Please give back only the lines below from the one containing "103.9h3M121 105.4v-3M124.5 110.3h3M126" to the one containing "158.5v-.6M110 158.5v-.6M113 158.5v-.6M121", each repeated word for word, both ends included.

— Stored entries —
• • • • • • •
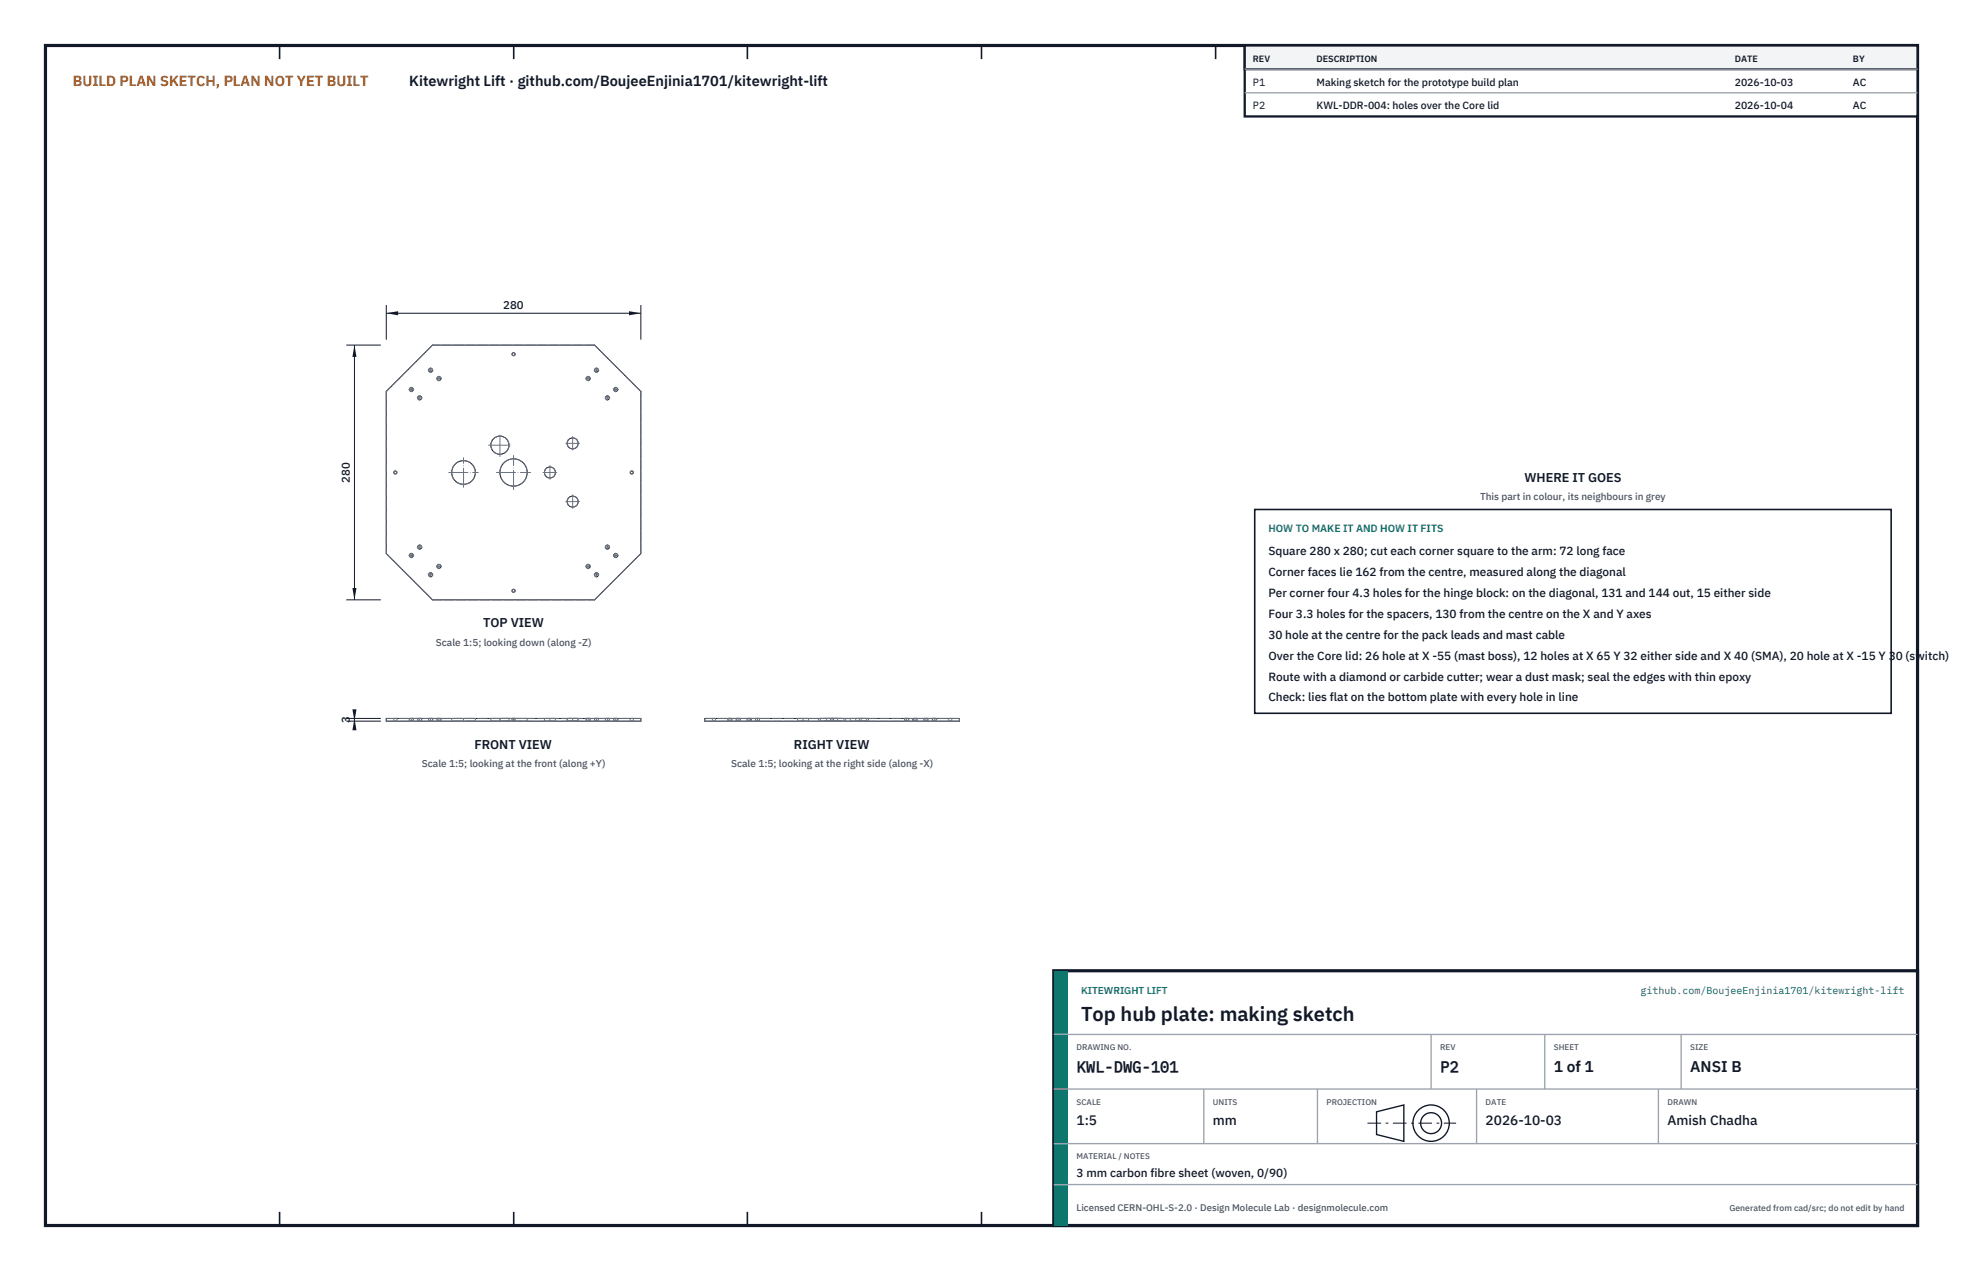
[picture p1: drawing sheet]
<svg xmlns="http://www.w3.org/2000/svg" width="432mm" height="279mm" viewBox="0 0 432 279" stroke-linecap="round" stroke-linejoin="round" font-family="sans-serif">
<path d="M10 10h411.8v259.4h-411.8z" fill="none" stroke="#111827" stroke-width=".7" stroke-linecap="butt"/>
<g fill="none" stroke="#111827" stroke-width=".35">
<path d="M61.5 10v3M113 10v3M164.4 10v3M215.9 10v3M267.4 10v3M318.9 10v3M370.3 10v3M61.5 266.4v3M113 266.4v3M164.4 266.4v3M215.9 266.4v3M267.4 266.4v3"/>
<path d="M318.9 266.4v3M370.3 266.4v3"/>
</g>
<g fill="none" stroke="#111727" stroke-width=".22">
<path d="M112.7 77.6h.5v.5h-.5zM85 86l10.1-10.1h35.7l10.2 10.1v35.7l-10.2 10.2h-35.7l-10.1-10.2zM86.7 103.6h.5v.5h-.5zM138.7 103.6h.5v.5h-.5zM112.7 129.6h.5v.5h-.5zM85 157.9h56v.6h-56zM95.1 157.9v.6M130.8 157.9v.6M155 157.9h56v.6h-56zM165.2 157.9v.6M200.9 157.9v.6"/>
<circle cx="90.5" cy="85.6" r=".43"/>
<circle cx="92.3" cy="87.5" r=".43"/>
<circle cx="94.7" cy="81.4" r=".43"/>
<circle cx="96.6" cy="83.2" r=".43"/>
<circle cx="110" cy="97.9" r="2"/>
<circle cx="126" cy="97.5" r="1.21"/>
<circle cx="129.4" cy="83.2" r=".43"/>
<circle cx="131.2" cy="81.4" r=".43"/>
<circle cx="133.6" cy="87.5" r=".43"/>
<circle cx="135.4" cy="85.6" r=".43"/>
<circle cx="102" cy="103.9" r="2.6"/>
<circle cx="113" cy="103.9" r="3"/>
<circle cx="121" cy="103.9" r="1.21"/>
<circle cx="126" cy="110.3" r="1.21"/>
<circle cx="90.5" cy="122.1" r=".43"/>
<circle cx="92.3" cy="120.3" r=".43"/>
<circle cx="94.7" cy="126.4" r=".43"/>
<circle cx="96.6" cy="124.5" r=".43"/>
<circle cx="129.4" cy="124.5" r=".43"/>
<circle cx="131.2" cy="126.4" r=".43"/>
<circle cx="133.6" cy="120.3" r=".43"/>
<circle cx="135.4" cy="122.1" r=".43"/>
</g>
<g fill="none" stroke="#6a7180" stroke-width=".22" stroke-dasharray="2.1 .5">
<path d="M95.1 75.9l-10.1 10.1M112.7 77.6h.5v.5h-.5zM130.8 75.9h-35.7M85 86v35.7M141 86l-10.2-10.1M86.7 103.6h.5v.5h-.5zM138.7 103.6h.5v.5h-.5zM85 121.7l10.1 10.2M95.1 131.9h35.7M112.7 129.6h.5v.5h-.5zM130.8 131.9l10.2-10.2M141 121.7v-35.7"/>
<path d="M85 158.5v-.6M86.6 158.5h.7M86.6 157.9h.7M86.6 158.5v-.6M87.3 158.5h-.7M87.3 157.9h-.7M87.3 158.5v-.6M90 158.5h.9M90 157.9h.9M90 158.5v-.6M90.9 158.5h-.9M90.9 157.9h-.9"/>
<path d="M90.9 158.5v-.6M91.9 158.5h.8M91.9 157.9h.8M91.9 158.5v-.6M92.7 158.5h-.8M92.7 157.9h-.8M92.7 158.5v-.6M94.3 158.5h.9M94.3 157.9h.9M94.3 158.5v-.6M95.1 158.5h-10.1M95.1 157.9h-10.1"/>
<path d="M95.1 158.5v-.6M95.2 158.5h-.9M95.2 157.9h-.9M95.2 158.5v-.6M96.1 158.5h.9M96.1 157.9h.9M96.1 158.5v-.6M97 158.5h-.9M97 157.9h-.9M97 158.5v-.6M99.4 158.5h5.2M99.4 157.9h5.2"/>
<path d="M99.4 158.5v-.6M104.6 158.5h-5.2M104.6 157.9h-5.2M104.6 158.5v-.6M108 158.5h4M108 157.9h4M108 158.5v-.6M110 158.5h6M110 157.9h6M110 158.5v-.6M112 158.5h-4M112 157.9h-4"/>
<path d="M112 158.5v-.6M112.6 158.5h.7M112.6 157.9h.7M112.6 158.5v-.6M113.3 158.5h-.7M113.3 157.9h-.7M113.3 158.5v-.6M116 158.5h-6M116 157.9h-6M116 158.5v-.6M119.8 158.5h2.4M119.8 157.9h2.4"/>
<path d="M119.8 158.5v-.6M122.2 158.5h-2.4M122.2 157.9h-2.4M122.2 158.5v-.6M124.8 158.5h2.4M124.8 157.9h2.4M124.8 158.5v-.6M127.2 158.5h-2.4M127.2 157.9h-2.4M127.2 158.5v-.6M128.9 158.5h.9M128.9 157.9h.9"/>
<path d="M128.9 158.5v-.6M129.8 158.5h-.9M129.8 157.9h-.9M129.8 158.5v-.6M130.8 158.5h.8M130.8 157.9h.8M130.8 158.5v-.6M130.8 158.5h-35.7M130.8 157.9h-35.7M131.6 158.5h-.8M131.6 157.9h-.8M131.6 158.5v-.6"/>
<path d="M133.2 158.5h.8M133.2 157.9h.8M133.2 158.5v-.6M134 158.5h-.8M134 157.9h-.8M134 158.5v-.6M135 158.5h.9M135 157.9h.9M135 158.5v-.6M135.9 158.5h-.9M135.9 157.9h-.9M135.9 158.5v-.6"/>
<path d="M138.6 158.5h.7M138.6 157.9h.7M138.6 158.5v-.6M139.3 158.5h-.7M139.3 157.9h-.7M139.3 158.5v-.6M141 158.5v-.6M141 158.5h-10.2M141 157.9h-10.2M155 158.5v-.6M156.7 158.5h.3M156.7 157.9h.3"/>
<path d="M156.7 158.5v-.6M157 158.5h.4M157 157.9h.4M157.4 158.5h-.7M157.4 157.9h-.7M157.4 158.5v-.6M160.1 158.5h.4M160.1 157.9h.4M160.1 158.5v-.6M160.5 158.5h.5M160.5 157.9h.5M161 158.5h-.9"/>
<path d="M161 157.9h-.9M161 158.5v-.6M162 158.5h.4M162 157.9h.4M162 158.5v-.6M162.4 158.5h.4M162.4 157.9h.4M162.8 158.5h-.8M162.8 157.9h-.8M162.8 158.5v-.6M164.4 158.5h.4M164.4 157.9h.4"/>
<path d="M164.4 158.5v-.6M164.8 158.5h.4M164.8 157.9h.4M165.2 158.5h-10.2M165.2 157.9h-10.2M165.2 158.5v-.6M165.2 158.5h-.8M165.2 157.9h-.8M166.2 158.5h.4M166.2 157.9h.4M166.2 158.5v-.6M166.6 158.5h.5"/>
<path d="M166.6 157.9h.5M167.1 158.5h-.9M167.1 157.9h-.9M167.1 158.5v-.6M175.4 158.5h1.2M175.4 157.9h1.2M175.4 158.5v-.6M176.6 158.5h1.2M176.6 157.9h1.2M177.8 158.5h-2.4M177.8 157.9h-2.4M177.8 158.5v-.6"/>
<path d="M180 158.5h3M180 157.9h3M180 158.5v-.6M180.4 158.5h2.6M180.4 157.9h2.6M180.4 158.5v-.6M181.8 158.5h1.2M181.8 157.9h1.2M181.8 158.5v-.6M182.7 158.5h.3M182.7 157.9h.3M182.7 158.5v-.6"/>
<path d="M183 158.5h.4M183 158.5h2.6M183 158.5h3M183 158.5h1.2M183 157.9h.4M183 157.9h2.6M183 157.9h3M183 157.9h1.2M183.4 158.5h-.7M183.4 157.9h-.7M183.4 158.5v-.6M184.2 158.5h-2.4"/>
<path d="M184.2 157.9h-2.4M184.2 158.5v-.6M185.6 158.5h-5.2M185.6 157.9h-5.2M185.6 158.5v-.6M186 158.5h-6M186 157.9h-6M186 158.5v-.6M187 158.5h2M187 157.9h2M187 158.5v-.6M188.2 158.5h1.2"/>
<path d="M188.2 157.9h1.2M188.2 158.5v-.6M189 158.5h2M189 157.9h2M189.4 158.5h1.2M189.4 157.9h1.2M190.6 158.5h-2.4M190.6 157.9h-2.4M190.6 158.5v-.6M191 158.5h-4M191 157.9h-4M191 158.5v-.6"/>
<path d="M199 158.5h.4M199 157.9h.4M199 158.5v-.6M199.4 158.5h.5M199.4 157.9h.5M199.9 158.5h-.9M199.9 157.9h-.9M199.9 158.5v-.6M200.8 158.5h.5M200.8 157.9h.5M200.8 158.5v-.6M200.9 158.5h-35.7"/>
<path d="M200.9 157.9h-35.7M200.9 158.5v-.6M201.3 158.5h.4M201.3 157.9h.4M201.7 158.5h-.9M201.7 157.9h-.9M201.7 158.5v-.6M203.3 158.5h.4M203.3 157.9h.4M203.3 158.5v-.6M203.7 158.5h.4M203.7 157.9h.4"/>
<path d="M204.1 158.5h-.8M204.1 157.9h-.8M204.1 158.5v-.6M205.1 158.5h.4M205.1 157.9h.4M205.1 158.5v-.6M205.5 158.5h.5M205.5 157.9h.5M206 158.5h-.9M206 157.9h-.9M206 158.5v-.6M208.7 158.5h.3"/>
<path d="M208.7 157.9h.3M208.7 158.5v-.6M209 158.5h.4M209 157.9h.4M209.4 158.5h-.7M209.4 157.9h-.7M209.4 158.5v-.6M211 158.5h-10.1M211 157.9h-10.1M211 158.5v-.6"/>
<circle cx="90.5" cy="85.6" r=".43"/>
<circle cx="92.3" cy="87.5" r=".43"/>
<circle cx="94.7" cy="81.4" r=".43"/>
<circle cx="96.6" cy="83.2" r=".43"/>
<circle cx="110" cy="97.9" r="2"/>
<circle cx="126" cy="97.5" r="1.21"/>
<circle cx="129.4" cy="83.2" r=".43"/>
<circle cx="131.2" cy="81.4" r=".43"/>
<circle cx="133.6" cy="87.5" r=".43"/>
<circle cx="135.4" cy="85.6" r=".43"/>
<circle cx="102" cy="103.9" r="2.6"/>
<circle cx="113" cy="103.9" r="3"/>
<circle cx="121" cy="103.9" r="1.21"/>
<circle cx="126" cy="110.3" r="1.21"/>
<circle cx="90.5" cy="122.1" r=".43"/>
<circle cx="92.3" cy="120.3" r=".43"/>
<circle cx="94.7" cy="126.4" r=".43"/>
<circle cx="96.6" cy="124.5" r=".43"/>
<circle cx="129.4" cy="124.5" r=".43"/>
<circle cx="131.2" cy="126.4" r=".43"/>
<circle cx="133.6" cy="120.3" r=".43"/>
<circle cx="135.4" cy="122.1" r=".43"/>
</g>
<g fill="none" stroke="#6a7180" stroke-width=".22" stroke-dasharray="4.2 .5 0 .5">
<path d="M89.9 85.6h1.1M90.5 86.2v-1.1M91.8 87.5h1.1M92.3 88v-1.1M94.2 81.4h1.1M94.7 81.9v-1.1M96 83.2h1.1M96.6 83.8v-1.1M107.5 97.9h5M124.5 97.5h3M126 99v-3M128.8 83.2h1.1"/>
<path d="M129.4 83.8v-1.1M130.7 81.4h1M131.2 81.9v-1.1M133.1 87.5h1.1M133.6 88v-1.1M134.9 85.6h1.1M135.5 86.2v-1.1M98.7 103.9h6.5M102 107.1v-6.5M109.2 103.9h7.5M110 100.4v-5M113 107.6v-7.5"/>
<path d="M119.5 103.9h3M121 105.4v-3M124.5 110.3h3M126 111.8v-3M89.9 122.1h1.1M90.5 122.6v-1M91.8 120.3h1.1M92.3 120.8v-1.1M94.2 126.4h1.1M94.7 126.9v-1.1M96 124.5h1.1M96.6 125.1v-1.1"/>
<path d="M128.8 124.5h1.1M129.4 125.1v-1.1M130.7 126.4h1M131.2 126.9v-1.1M133.1 120.3h1.1M133.6 120.8v-1.1M134.9 122.1h1.1M135.5 122.6v-1M90.5 158.5v-.6M92.3 158.5v-.6M94.7 158.5v-.6M96.6 158.5v-.6"/>
<path d="M102 158.5v-.6M110 158.5v-.6M113 158.5v-.6M121 158.5v-.6M126 158.5v-.6M129.4 158.5v-.6M131.2 158.5v-.6M133.6 158.5v-.6M135.5 158.5v-.6M160.5 158.5v-.6M162.4 158.5v-.6M164.8 158.5v-.6"/>
<path d="M166.6 158.5v-.6M176.6 158.5v-.6M183 158.5v-.6M189 158.5v-.6M189.4 158.5v-.6M199.4 158.5v-.6M201.3 158.5v-.6M203.7 158.5v-.6M205.5 158.5v-.6"/>
</g>
<path d="M85 67.1v7.6M85 68.9h56M141 67.1v7.6" fill="none" stroke="#111827" stroke-width=".22"/>
<path d="M85 68.9l2.6-.5v.9zM138.4 68.4v.9l2.6-.4z" fill="#111827"/>
<path d="M76.2 75.9h7.6M78 75.9v56M76.2 131.9h7.6" fill="none" stroke="#111827" stroke-width=".22"/>
<path d="M78 75.9l-.5 2.6h.9zM77.5 129.3h.9l-.4 2.6z" fill="#111827"/>
<path d="M76.2 157.9h7.6M76.2 158.5h7.6M78 157.9v.6" fill="none" stroke="#111827" stroke-width=".22"/>
<path d="M78 157.9l-.5 2.6h.9zM77.5 155.9h.9l-.4 2.6z" fill="#111827"/>
<path d="M276 112h140v44.8h-140z" fill="#fff" stroke="#111827" stroke-width=".35"/>
<path d="M273.8 10h148v15.6h-148z" fill="#fff" stroke="#111827" stroke-width=".5"/>
<path d="M273.8 10h148v5.2h-148z" fill="#f3f4f6" stroke="#111827" stroke-width=".5"/>
<path d="M273.8 15.2h148M273.8 20.4h148" fill="none" stroke="#9ca3af" stroke-width=".3"/>
<path d="M231.8 213.4h190v56h-190z" fill="#fff" stroke="#111827" stroke-width=".7" stroke-linecap="butt"/>
<path d="M231.8 213.4h3v56h-3z" fill="#0f766e"/>
<path d="M231.8 227.4h190M231.8 239.4h190M264.8 239.4v12M289.8 239.4v12M314.8 227.4v12M324.8 239.4v12M339.8 227.4v12M364.8 239.4v12M369.8 227.4v12M231.8 251.4h190M231.8 260.4h190" fill="none" stroke="#9ca3af" stroke-width=".3"/>
<g fill="none" stroke="#111827" stroke-width=".3">
<path d="M302.8 244.4l6-1.5v8l-6-1.5z"/>
<circle cx="314.8" cy="246.9" r="4"/>
<circle cx="314.8" cy="246.9" r="2.3"/>
</g>
<path d="M300.8 246.9h19.5" fill="none" stroke="#111827" stroke-width=".22" stroke-dasharray="3 1 .6 1" stroke-linecap="butt"/>
<text font-size="4.4" fill="#111827" x="237.8" y="224.4">Top hub plate: making sketch</text>
<g font-size="3.4" fill="#111827">
<text x="236.8" y="235.6">KWL-DWG-101</text>
<text x="316.8" y="235.6">P2</text>
<text x="341.8" y="235.6">1 of 1</text>
<text x="371.8" y="235.6">ANSI B</text>
</g>
<text font-size="3.2" fill="#b45309" x="16" y="19">BUILD PLAN SKETCH, PLAN NOT YET BUILT</text>
<text font-size="3.2" fill="#111827" x="90" y="19">Kitewright Lift · github.com/BoujeeEnjinia1701/kitewright-lift</text>
<g font-size="3" fill="#111827">
<text x="236.8" y="247.2">1:5</text>
<text x="266.8" y="247.2">mm</text>
<text x="326.8" y="247.2">2026-10-03</text>
<text x="366.8" y="247.2">Amish Chadha</text>
</g>
<g font-size="2.8" fill="#111827">
<text x="335.3" y="106">WHERE IT GOES</text>
<text x="106.3" y="137.9">TOP VIEW</text>
<text x="104.4" y="164.6">FRONT VIEW</text>
<text x="174.6" y="164.6">RIGHT VIEW</text>
</g>
<g font-size="2.6" fill="#111827">
<text x="279" y="122">Square 280 x 280; cut each corner square to the arm: 72 long face</text>
<text x="279" y="126.6">Corner faces lie 162 from the centre, measured along the diagonal</text>
<text x="279" y="131.2">Per corner four 4.3 holes for the hinge block: on the diagonal, 131 and 144 out, 15 either side</text>
<text x="279" y="135.8">Four 3.3 holes for the spacers, 130 from the centre on the X and Y axes</text>
<text x="279" y="140.4">30 hole at the centre for the pack leads and mast cable</text>
<text x="279" y="145">Over the Core lid: 26 hole at X -55 (mast boss), 12 holes at X 65 Y 32 either side and X 40 (SMA), 20 hole at X -15 Y 30 (switch)</text>
<text x="279" y="149.6">Route with a diamond or carbide cutter; wear a dust mask; seal the edges with thin epoxy</text>
<text x="279" y="154.2">Check: lies flat on the bottom plate with every hole in line</text>
<text x="236.8" y="258.8">3 mm carbon fibre sheet (woven, 0/90)</text>
</g>
<g font-size="2.5" fill="#111827">
<text x="110.7" y="67.9">280</text>
<text x="77" y="106.1" transform="rotate(-90 77 106.1)">280</text>
<text x="77" y="158.9" transform="rotate(-90 77 158.9)">3</text>
</g>
<g font-size="2.3" fill="#111827">
<text x="275.6" y="18.8">P1</text>
<text x="275.6" y="24">P2</text>
<text x="289.6" y="18.8">Making sketch for the prototype build plan</text>
<text x="289.6" y="24">KWL-DDR-004: holes over the Core lid</text>
<text x="381.6" y="18.8">2026-10-03</text>
<text x="381.6" y="24">2026-10-04</text>
<text x="407.6" y="18.8">AC</text>
<text x="407.6" y="24">AC</text>
</g>
<text font-size="2.3" fill="#0f766e" x="279" y="117">HOW TO MAKE IT AND HOW IT FITS</text>
<g font-size="2.2" fill="#4b5563">
<text x="325.6" y="110">This part in colour, its neighbours in grey</text>
<text x="95.9" y="141.9">Scale 1:5; looking down (along -Z)</text>
<text x="92.8" y="168.6">Scale 1:5; looking at the front (along +Y)</text>
<text x="160.8" y="168.6">Scale 1:5; looking at the right side (along -X)</text>
</g>
<g font-size="2.2" fill="#0f766e">
<text x="237.8" y="218.4">KITEWRIGHT LIFT</text>
<text x="360.9" y="218.4">github.com/BoujeeEnjinia1701/kitewright-lift</text>
</g>
<text font-size="2.1" fill="#4b5563" x="236.8" y="266.2">Licensed CERN-OHL-S-2.0 · Design Molecule Lab · designmolecule.com</text>
<g font-size="2" fill="#111827">
<text x="275.6" y="13.6">REV</text>
<text x="289.6" y="13.6">DESCRIPTION</text>
<text x="381.6" y="13.6">DATE</text>
<text x="407.6" y="13.6">BY</text>
</g>
<text font-size="1.9" fill="#4b5563" x="380.4" y="266.2">Generated from cad/src; do not edit by hand</text>
<g font-size="1.8" fill="#4b5563">
<text x="236.8" y="230.8">DRAWING NO.</text>
<text x="316.8" y="230.8">REV</text>
<text x="341.8" y="230.8">SHEET</text>
<text x="371.8" y="230.8">SIZE</text>
<text x="236.8" y="242.8">SCALE</text>
<text x="266.8" y="242.8">UNITS</text>
<text x="291.8" y="242.8">PROJECTION</text>
<text x="326.8" y="242.8">DATE</text>
<text x="366.8" y="242.8">DRAWN</text>
<text x="236.8" y="254.8">MATERIAL / NOTES</text>
</g>
</svg>
• • • • • • •
— Problem solution —
<path d="M119.5 103.9h3M121 105.4v-3M124.5 110.3h3M126 111.8v-3M89.9 122.1h1.1M90.5 122.6v-1M91.8 120.3h1.1M92.3 120.8v-1.1M94.2 126.4h1.1M94.7 126.9v-1.1M96 124.5h1.1M96.6 125.1v-1.1"/>
<path d="M128.8 124.5h1.1M129.4 125.1v-1.1M130.7 126.4h1M131.2 126.9v-1.1M133.1 120.3h1.1M133.6 120.8v-1.1M134.9 122.1h1.1M135.5 122.6v-1M90.5 158.5v-.6M92.3 158.5v-.6M94.7 158.5v-.6M96.6 158.5v-.6"/>
<path d="M102 158.5v-.6M110 158.5v-.6M113 158.5v-.6M121 158.5v-.6M126 158.5v-.6M129.4 158.5v-.6M131.2 158.5v-.6M133.6 158.5v-.6M135.5 158.5v-.6M160.5 158.5v-.6M162.4 158.5v-.6M164.8 158.5v-.6"/>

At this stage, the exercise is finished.